A redesigned performance management system, which covers 8,500 to 9,000 employees, ensures accurate feedback is delivered from the manager directly to the employee, he said.
"We did that by structuring it around specific goals. We did that by ensuring that all performance reviews are finished and delivered by managers to employees before compensation decisions get made higher up by the organization."
Ratings on behaviors for each position
In the performance review software, each employee is rated on specific goals on a scale of one to three, with a one meaning exceeded, followed by met and fell short. Four goals are the standard for each employee, but the number could be eight to 10, he said.
On a review form, managers write a sentence for each strength and opportunity for improvement, and they also write a summary of overall performance. In some units, employees are also appraised on a "behavioral-anchored rating scale," which includes ratings on certain behaviors pertaining to each position in the company.
At New York Life, roughly one-third of employees, including vice presidents, directors and senior associates, are segmented in a nine-box grid, a tool within SuccessFactors that allows for rating employees based on their potential and performance.
Nine-box grid is popular
The nine-box grid "is very user-friendly" and a popular tool, he said. Specific management strategies are attached to each box. If an employee is placed into a box for an underperformer with high potential, for example, a manager would get some ideas on how to develop and engage the person.
He said the annual review isn't the only time for feedback. Managers and employees meet at least four times a year, and managers are encouraged to give feedback every time they interact with an employee, he said.
At TranSystems, Shawn Richardson, assistant vice president for human resources, accentuated the use of calibration at his company, headquartered in Kansas City. He said the company started using calibration in 2011, and the performance management system improved.
TranSystems launched SuccessFactors in 2010, and it is integrated with Ceridian core HR.
Engineers calibrate performance management
Calibration meetings are held to ensure managers use similar standards in rating and evaluating employees. "It is very consistent and reliable," he said. "Our teams love it, and it improves performance."
Managers at TranSystems hold calibration sessions in January and February of each year after annual reviews in the SAP performance review software, including ratings on certain goals and competencies, are completed for about 1,000 employees.
The calibration sessions determine an overall final rating for an employee. The sessions allow vetting by multiple managers and help determine merit raises and bonuses for employees. Different managers know each employee because employees work on multiple projects at any given time.
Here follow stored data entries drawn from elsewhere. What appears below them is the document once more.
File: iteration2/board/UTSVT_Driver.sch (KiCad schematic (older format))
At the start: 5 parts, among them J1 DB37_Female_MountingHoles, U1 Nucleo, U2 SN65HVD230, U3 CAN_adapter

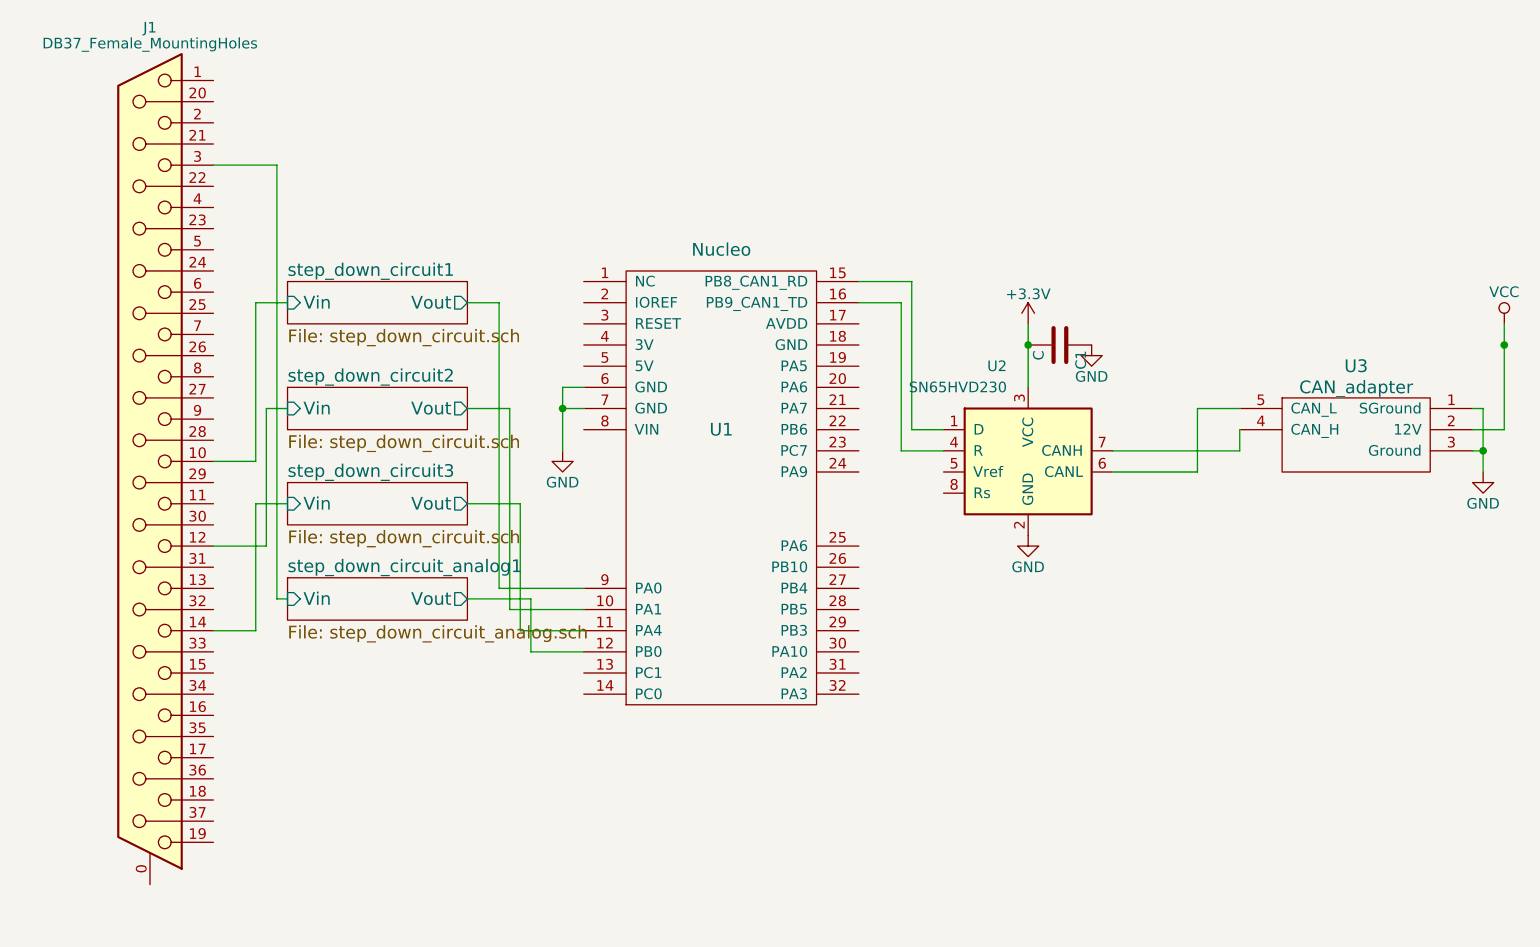
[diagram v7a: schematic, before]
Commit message: partially resolved merge issues and added script for automatic merging
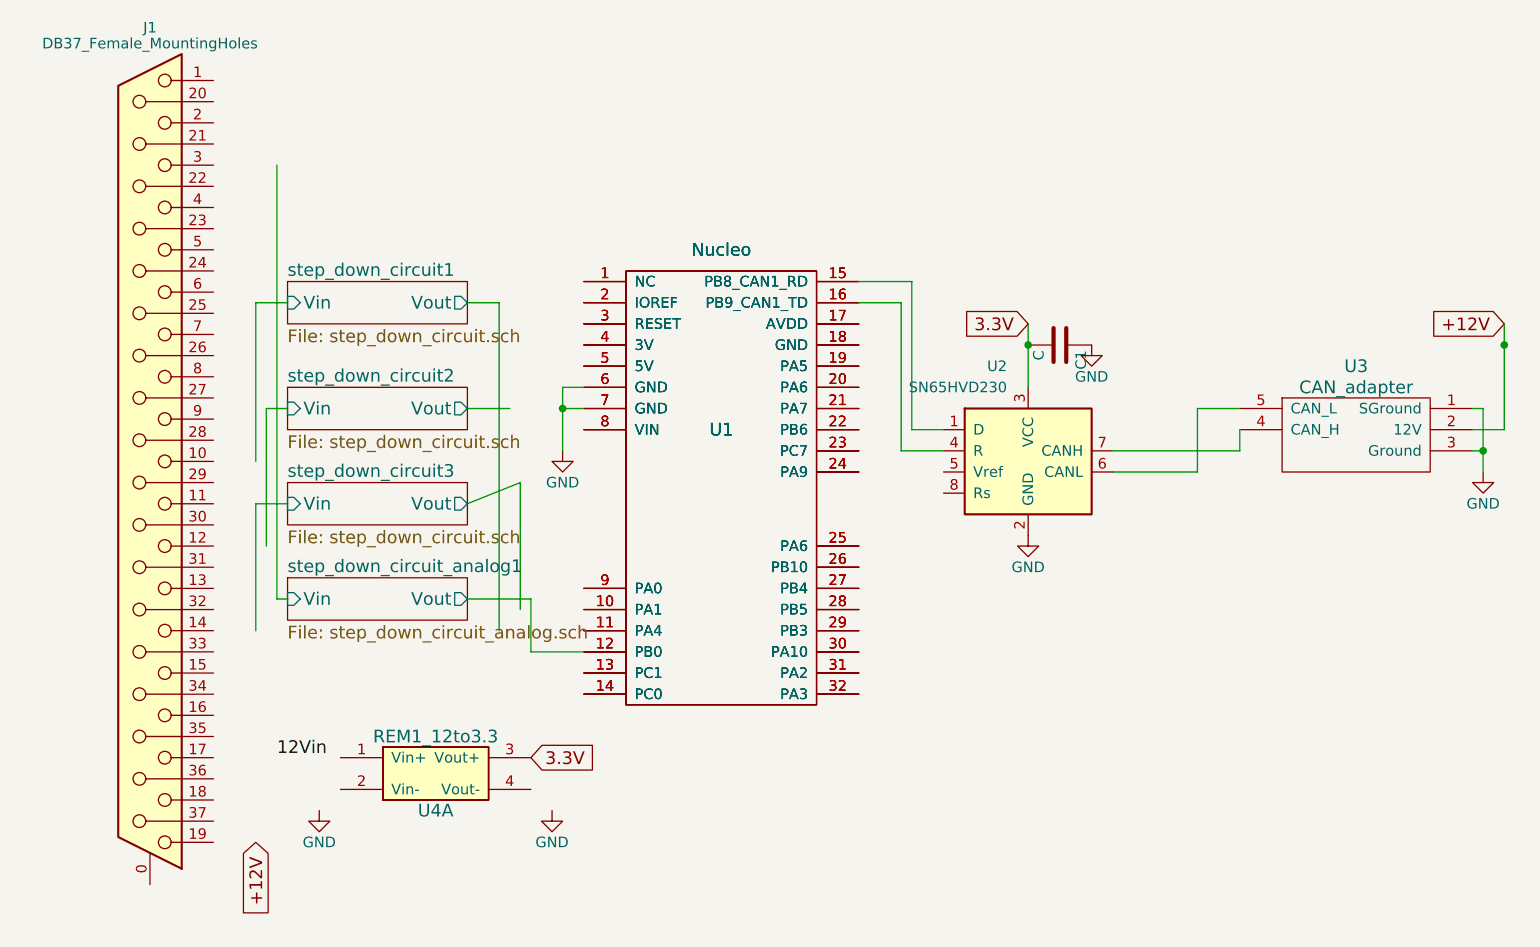
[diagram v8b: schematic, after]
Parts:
- added U4: REM1_12to3.3, MotorControllerStuff:REM1_12to3.3, symbol REM1_12to3.3
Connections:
- net labels added: +12V, 12Vin, 3.3V
- net labels removed: +3.3V, VCC
- wire segments 44 -> 36
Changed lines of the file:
@@
 $EndComp
 $Comp
-L GND #PWR01
+L GND #PWR6
 U 1 1 59F244D9
 P 9700 3950
-F 0 "#PWR01" H 9700 3700 50  0001 C CNN
+F 0 "#PWR6" H 9700 3700 50  0001 C CNN
 F 1 "GND" H 9700 3800 50  0000 C CNN
 F 2 "" H 9700 3950 50  0001 C CNN
@@
 $EndComp
 $Comp
-L GND #PWR02
+L GND #PWR4
 U 1 1 59F24541
 P 7550 4250
-F 0 "#PWR02" H 7550 4000 50  0001 C CNN
+F 0 "#PWR4" H 7550 4000 50  0001 C CNN
 F 1 "GND" H 7550 4100 50  0000 C CNN
 F 2 "" H 7550 4250 50  0001 C CNN
@@
 $EndComp
 $Comp
-L GND #PWR03
+L GND #PWR3
 U 1 1 59F262C8
 P 5350 3850
-F 0 "#PWR03" H 5350 3600 50  0001 C CNN
+F 0 "#PWR3" H 5350 3600 50  0001 C CNN
 F 1 "GND" H 5350 3700 50  0000 C CNN
 F 2 "" H 5350 3850 50  0001 C CNN
 F 3 "" H 5350 3850 50  0001 C CNN
 	1    5350 3850
-	1    0    0    -1
-$EndComp
-$Comp
-L VCC #PWR04
-U 1 1 59F2677A
-P 9800 3250
-F 0 "#PWR04" H 9800 3100 50  0001 C CNN
-F 1 "VCC" H 9800 3400 50  0000 C CNN
-F 2 "" H 9800 3250 50  0001 C CNN
-F 3 "" H 9800 3250 50  0001 C CNN
-	1    9800 3250
 	1    0    0    -1
 $EndComp
@@
 $EndSheet
 $Comp
-L GND #PWR05
+L GND #PWR5
 U 1 1 59F29663
 P 7850 3350
-F 0 "#PWR05" H 7850 3100 50  0001 C CNN
+F 0 "#PWR5" H 7850 3100 50  0001 C CNN
 F 1 "GND" H 7850 3200 50  0000 C CNN
 F 2 "" H 7850 3350 50  0001 C CNN
 F 3 "" H 7850 3350 50  0001 C CNN
 	1    7850 3350
-	1    0    0    -1
-$EndComp
-$Comp
-L +3.3V #PWR06
-U 1 1 59F296AF
-P 7550 3250
-F 0 "#PWR06" H 7550 3100 50  0001 C CNN
-F 1 "+3.3V" H 7550 3390 50  0000 C CNN
-F 2 "" H 7550 3250 50  0001 C CNN
-F 3 "" H 7550 3250 50  0001 C CNN
-	1    7550 3250
 	1    0    0    -1
 $EndComp
@@
 	0    1    1    0
 $EndComp
+$Comp
+L Nucleo U1
+U 1 1 59F29930
+P 6100 4050
+F 0 "U1" H 6100 4350 60  0000 C CNN
+F 1 "Nucleo" H 6100 5200 60  0000 C CNN
+F 2 "UTSVT_board:AFBShieldBoard" H 6100 4350 60  0001 C CNN
+F 3 "" H 6100 4350 60  0001 C CNN
+	1    6100 4050
+	1    0    0    -1
+$EndComp
+$Comp
+L REM1_12to3.3 U4
+U 1 1 59F4D82D
+P 4750 5400
+F 0 "U4" H 4750 5250 60  0000 C CNN
+F 1 "REM1_12to3.3" H 4750 5600 60  0000 C CNN
+F 2 "MotorControllerStuff:REM1_12to3.3" H 4750 5600 60  0001 C CNN
+F 3 "" H 4750 5600 60  0001 C CNN
+	1    4750 5400
+	1    0    0    -1
+$EndComp
+Text Label 4000 5300 0    60   ~ 0
+12Vin
+$Comp
+L GND #PWR1
+U 1 1 59F4EAEA
+P 4200 5550
+F 0 "#PWR1" H 4200 5300 50  0001 C CNN
+F 1 "GND" H 4200 5400 50  0000 C CNN
+F 2 "" H 4200 5550 50  0001 C CNN
+F 3 "" H 4200 5550 50  0001 C CNN
+	1    4200 5550
+	1    0    0    -1
+$EndComp
+Text GLabel 5200 5300 2    60   Input ~ 0
+3.3V
+$Comp
+L GND #PWR2
+U 1 1 59F4F385
+P 5300 5550
+F 0 "#PWR2" H 5300 5300 50  0001 C CNN
+F 1 "GND" H 5300 5400 50  0000 C CNN
+F 2 "" H 5300 5550 50  0001 C CNN
+F 3 "" H 5300 5550 50  0001 C CNN
+	1    5300 5550
+	1    0    0    -1
+$EndComp
+Text GLabel 7550 3250 0    60   Input ~ 0
+3.3V
+Text GLabel 3900 5700 3    60   Input ~ 0
++12V
+Text GLabel 9800 3250 0    60   Input ~ 0
++12V
 Wire Wire Line
 	7950 3850 8550 3850
@@
 	4900 3150 5050 3150
 Wire Wire Line
-	5050 3150 5050 4500
-Wire Wire Line
-	5050 4500 5450 4500
+	5050 3150 5050 4700
 Wire Wire Line
 	4900 3650 5100 3650
 Wire Wire Line
-	5100 3650 5100 4600
+	4900 4100 5150 4000
 Wire Wire Line
-	5100 4600 5450 4600
-Wire Wire Line
-	4900 4100 5150 4100
-Wire Wire Line
-	5150 4100 5150 4700
-Wire Wire Line
-	5150 4700 5450 4700
-Wire Wire Line
-	3700 2500 4000 2500
+	5150 4000 5150 4600
 Wire Wire Line
 	4000 2500 4000 4550
@@
 	4000 4550 4050 4550
 Wire Wire Line
-	3700 4300 3950 4300
-Wire Wire Line
 	3950 4300 3950 3650
 Wire Wire Line
 	3950 3650 4050 3650
-Wire Wire Line
-	3700 3900 3900 3900
 Wire Wire Line
 	3900 3900 3900 3150
@@
 	3900 3150 4050 3150
 Wire Wire Line
-	3700 4700 3900 4700
-Wire Wire Line
 	3900 4700 3900 4100

Two levels of calibration meetings
TranSystems uses a 15-box grid during the calibration sessions, with five ratings for overall performance and three areas of potential, ranging from solid to high potential.
There are two levels of calibration meetings, one for staff and another for managers.
Managers drill into every form and every metric, including goals, objectives and competencies. They talk about retention risk, career development and growth, and an employee's overall performance for the year.
After the start of calibration, employee engagement scores steadily improved since 2012, the voluntary turnover rate dropped and the number of people promoted to partner sharply increased, he said.